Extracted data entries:
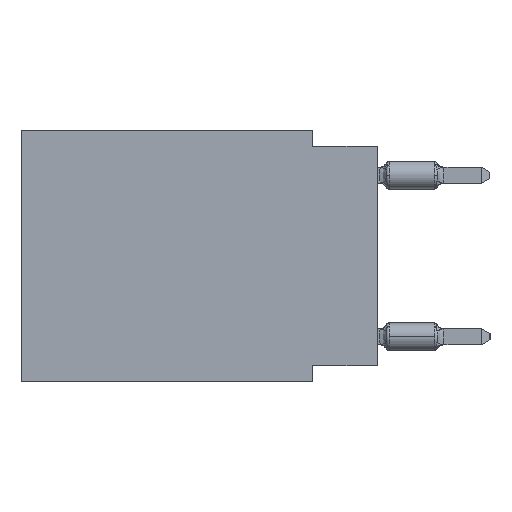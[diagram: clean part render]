
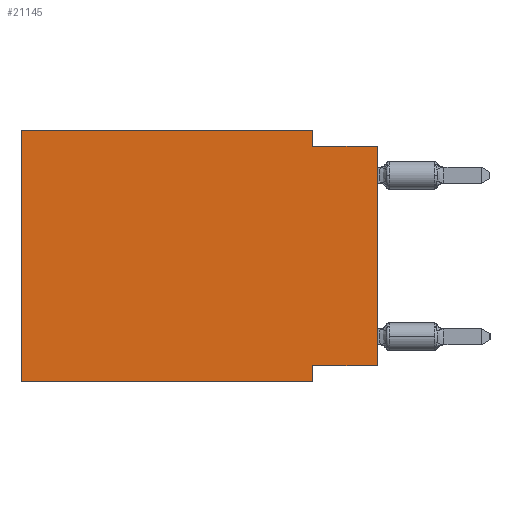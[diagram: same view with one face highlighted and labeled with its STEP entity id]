
A CAD part, left-side view. The second image highlights one B-rep face of the part: STEP entity #21145.
In plain terms, the highlighted planar face has unit normal (-1, 0, 0).
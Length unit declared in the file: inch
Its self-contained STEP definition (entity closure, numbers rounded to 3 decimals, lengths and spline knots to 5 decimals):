
#469 = VERTEX_POINT ( 'NONE', #2453 ) ;
#592 = VERTEX_POINT ( 'NONE', #9295 ) ;
#680 = CARTESIAN_POINT ( 'NONE',  ( 0., 0.55, -0.39 ) ) ;
#717 = LINE ( 'NONE', #6294, #8374 ) ;
#1489 = LINE ( 'NONE', #17286, #21047 ) ;
#2330 = VERTEX_POINT ( 'NONE', #15985 ) ;
#2453 = CARTESIAN_POINT ( 'NONE',  ( 0., 0.1, -0.365 ) ) ;
#2728 = VECTOR ( 'NONE', #14081, 39.37008 ) ;
#3742 = EDGE_CURVE ( 'NONE', #592, #12850, #9658, .T. ) ;
#3776 = AXIS2_PLACEMENT_3D ( 'NONE', #22182, #23735, #4054 ) ;
#3805 = LINE ( 'NONE', #10023, #21471 ) ;
#4018 = ORIENTED_EDGE ( 'NONE', *, *, #6530, .T. ) ;
#4054 = DIRECTION ( 'NONE',  ( 0., 0., -1. ) ) ;
#5006 = VECTOR ( 'NONE', #5286, 39.37008 ) ;
#5286 = DIRECTION ( 'NONE',  ( 0., 0., 1. ) ) ;
#5434 = CARTESIAN_POINT ( 'NONE',  ( 0., 0.1, -0.025 ) ) ;
#5492 = VERTEX_POINT ( 'NONE', #5434 ) ;
#6294 = CARTESIAN_POINT ( 'NONE',  ( 0., 0.1, -0.39 ) ) ;
#6530 = EDGE_CURVE ( 'NONE', #22136, #6825, #18416, .T. ) ;
#6825 = VERTEX_POINT ( 'NONE', #18121 ) ;
#7118 = VECTOR ( 'NONE', #16841, 39.37008 ) ;
#7229 = LINE ( 'NONE', #15103, #5006 ) ;
#7601 = DIRECTION ( 'NONE',  ( 0., 1., 0. ) ) ;
#7888 = CARTESIAN_POINT ( 'NONE',  ( 0., 0.55, 0. ) ) ;
#8146 = LINE ( 'NONE', #24197, #2728 ) ;
#8374 = VECTOR ( 'NONE', #24544, 39.37008 ) ;
#8914 = ORIENTED_EDGE ( 'NONE', *, *, #15468, .F. ) ;
#9295 = CARTESIAN_POINT ( 'NONE',  ( 0., 0.55, 0. ) ) ;
#9658 = LINE ( 'NONE', #17535, #11103 ) ;
#10023 = CARTESIAN_POINT ( 'NONE',  ( 0., 0., -0.025 ) ) ;
#10126 = ORIENTED_EDGE ( 'NONE', *, *, #20586, .T. ) ;
#10218 = ORIENTED_EDGE ( 'NONE', *, *, #17651, .F. ) ;
#11103 = VECTOR ( 'NONE', #25419, 39.37008 ) ;
#11955 = DIRECTION ( 'NONE',  ( 0., -1., 0. ) ) ;
#12059 = ORIENTED_EDGE ( 'NONE', *, *, #3742, .F. ) ;
#12159 = LINE ( 'NONE', #7888, #23479 ) ;
#12608 = ORIENTED_EDGE ( 'NONE', *, *, #17063, .F. ) ;
#12728 = EDGE_CURVE ( 'NONE', #12850, #5492, #8146, .T. ) ;
#12850 = VERTEX_POINT ( 'NONE', #16288 ) ;
#13411 = CARTESIAN_POINT ( 'NONE',  ( 0., 0.55, -0.39 ) ) ;
#14081 = DIRECTION ( 'NONE',  ( 0., 0., -1. ) ) ;
#15103 = CARTESIAN_POINT ( 'NONE',  ( 0., 0., 0. ) ) ;
#15468 = EDGE_CURVE ( 'NONE', #22136, #592, #12159, .T. ) ;
#15763 = DIRECTION ( 'NONE',  ( 0., 0., 1. ) ) ;
#15949 = PLANE ( 'NONE',  #3776 ) ;
#15952 = VERTEX_POINT ( 'NONE', #21423 ) ;
#15985 = CARTESIAN_POINT ( 'NONE',  ( 0., 0., -0.025 ) ) ;
#16288 = CARTESIAN_POINT ( 'NONE',  ( 0., 0.1, 0. ) ) ;
#16841 = DIRECTION ( 'NONE',  ( 0., -1., 0. ) ) ;
#17063 = EDGE_CURVE ( 'NONE', #15952, #469, #1489, .T. ) ;
#17286 = CARTESIAN_POINT ( 'NONE',  ( 0., 0., -0.365 ) ) ;
#17535 = CARTESIAN_POINT ( 'NONE',  ( 0., 0.55, 0. ) ) ;
#17651 = EDGE_CURVE ( 'NONE', #5492, #2330, #3805, .T. ) ;
#18121 = CARTESIAN_POINT ( 'NONE',  ( 0., 0.1, -0.39 ) ) ;
#18286 = FACE_OUTER_BOUND ( 'NONE', #19470, .T. ) ;
#18416 = LINE ( 'NONE', #680, #7118 ) ;
#19470 = EDGE_LOOP ( 'NONE', ( #10126, #10218, #19593, #12059, #8914, #4018, #23065, #12608 ) ) ;
#19593 = ORIENTED_EDGE ( 'NONE', *, *, #12728, .F. ) ;
#20586 = EDGE_CURVE ( 'NONE', #15952, #2330, #7229, .T. ) ;
#21047 = VECTOR ( 'NONE', #7601, 39.37008 ) ;
#21145 = ADVANCED_FACE ( 'NONE', ( #18286 ), #15949, .F. ) ;
#21423 = CARTESIAN_POINT ( 'NONE',  ( 0., 0., -0.365 ) ) ;
#21471 = VECTOR ( 'NONE', #11955, 39.37008 ) ;
#22136 = VERTEX_POINT ( 'NONE', #13411 ) ;
#22182 = CARTESIAN_POINT ( 'NONE',  ( 0., 0.55, 0. ) ) ;
#22466 = EDGE_CURVE ( 'NONE', #469, #6825, #717, .T. ) ;
#23065 = ORIENTED_EDGE ( 'NONE', *, *, #22466, .F. ) ;
#23479 = VECTOR ( 'NONE', #15763, 39.37008 ) ;
#23735 = DIRECTION ( 'NONE',  ( 1., 0., 0. ) ) ;
#24197 = CARTESIAN_POINT ( 'NONE',  ( 0., 0.1, 0. ) ) ;
#24544 = DIRECTION ( 'NONE',  ( 0., 0., -1. ) ) ;
#25419 = DIRECTION ( 'NONE',  ( 0., -1., 0. ) ) ;

Task goal » From the line containing "#21145 = ADVANCED_FACE" to the final line of the data above, transcribe every line exactly and nothing more.

Result of this task »
#21145 = ADVANCED_FACE ( 'NONE', ( #18286 ), #15949, .F. ) ;
#21423 = CARTESIAN_POINT ( 'NONE',  ( 0., 0., -0.365 ) ) ;
#21471 = VECTOR ( 'NONE', #11955, 39.37008 ) ;
#22136 = VERTEX_POINT ( 'NONE', #13411 ) ;
#22182 = CARTESIAN_POINT ( 'NONE',  ( 0., 0.55, 0. ) ) ;
#22466 = EDGE_CURVE ( 'NONE', #469, #6825, #717, .T. ) ;
#23065 = ORIENTED_EDGE ( 'NONE', *, *, #22466, .F. ) ;
#23479 = VECTOR ( 'NONE', #15763, 39.37008 ) ;
#23735 = DIRECTION ( 'NONE',  ( 1., 0., 0. ) ) ;
#24197 = CARTESIAN_POINT ( 'NONE',  ( 0., 0.1, 0. ) ) ;
#24544 = DIRECTION ( 'NONE',  ( 0., 0., -1. ) ) ;
#25419 = DIRECTION ( 'NONE',  ( 0., -1., 0. ) ) ;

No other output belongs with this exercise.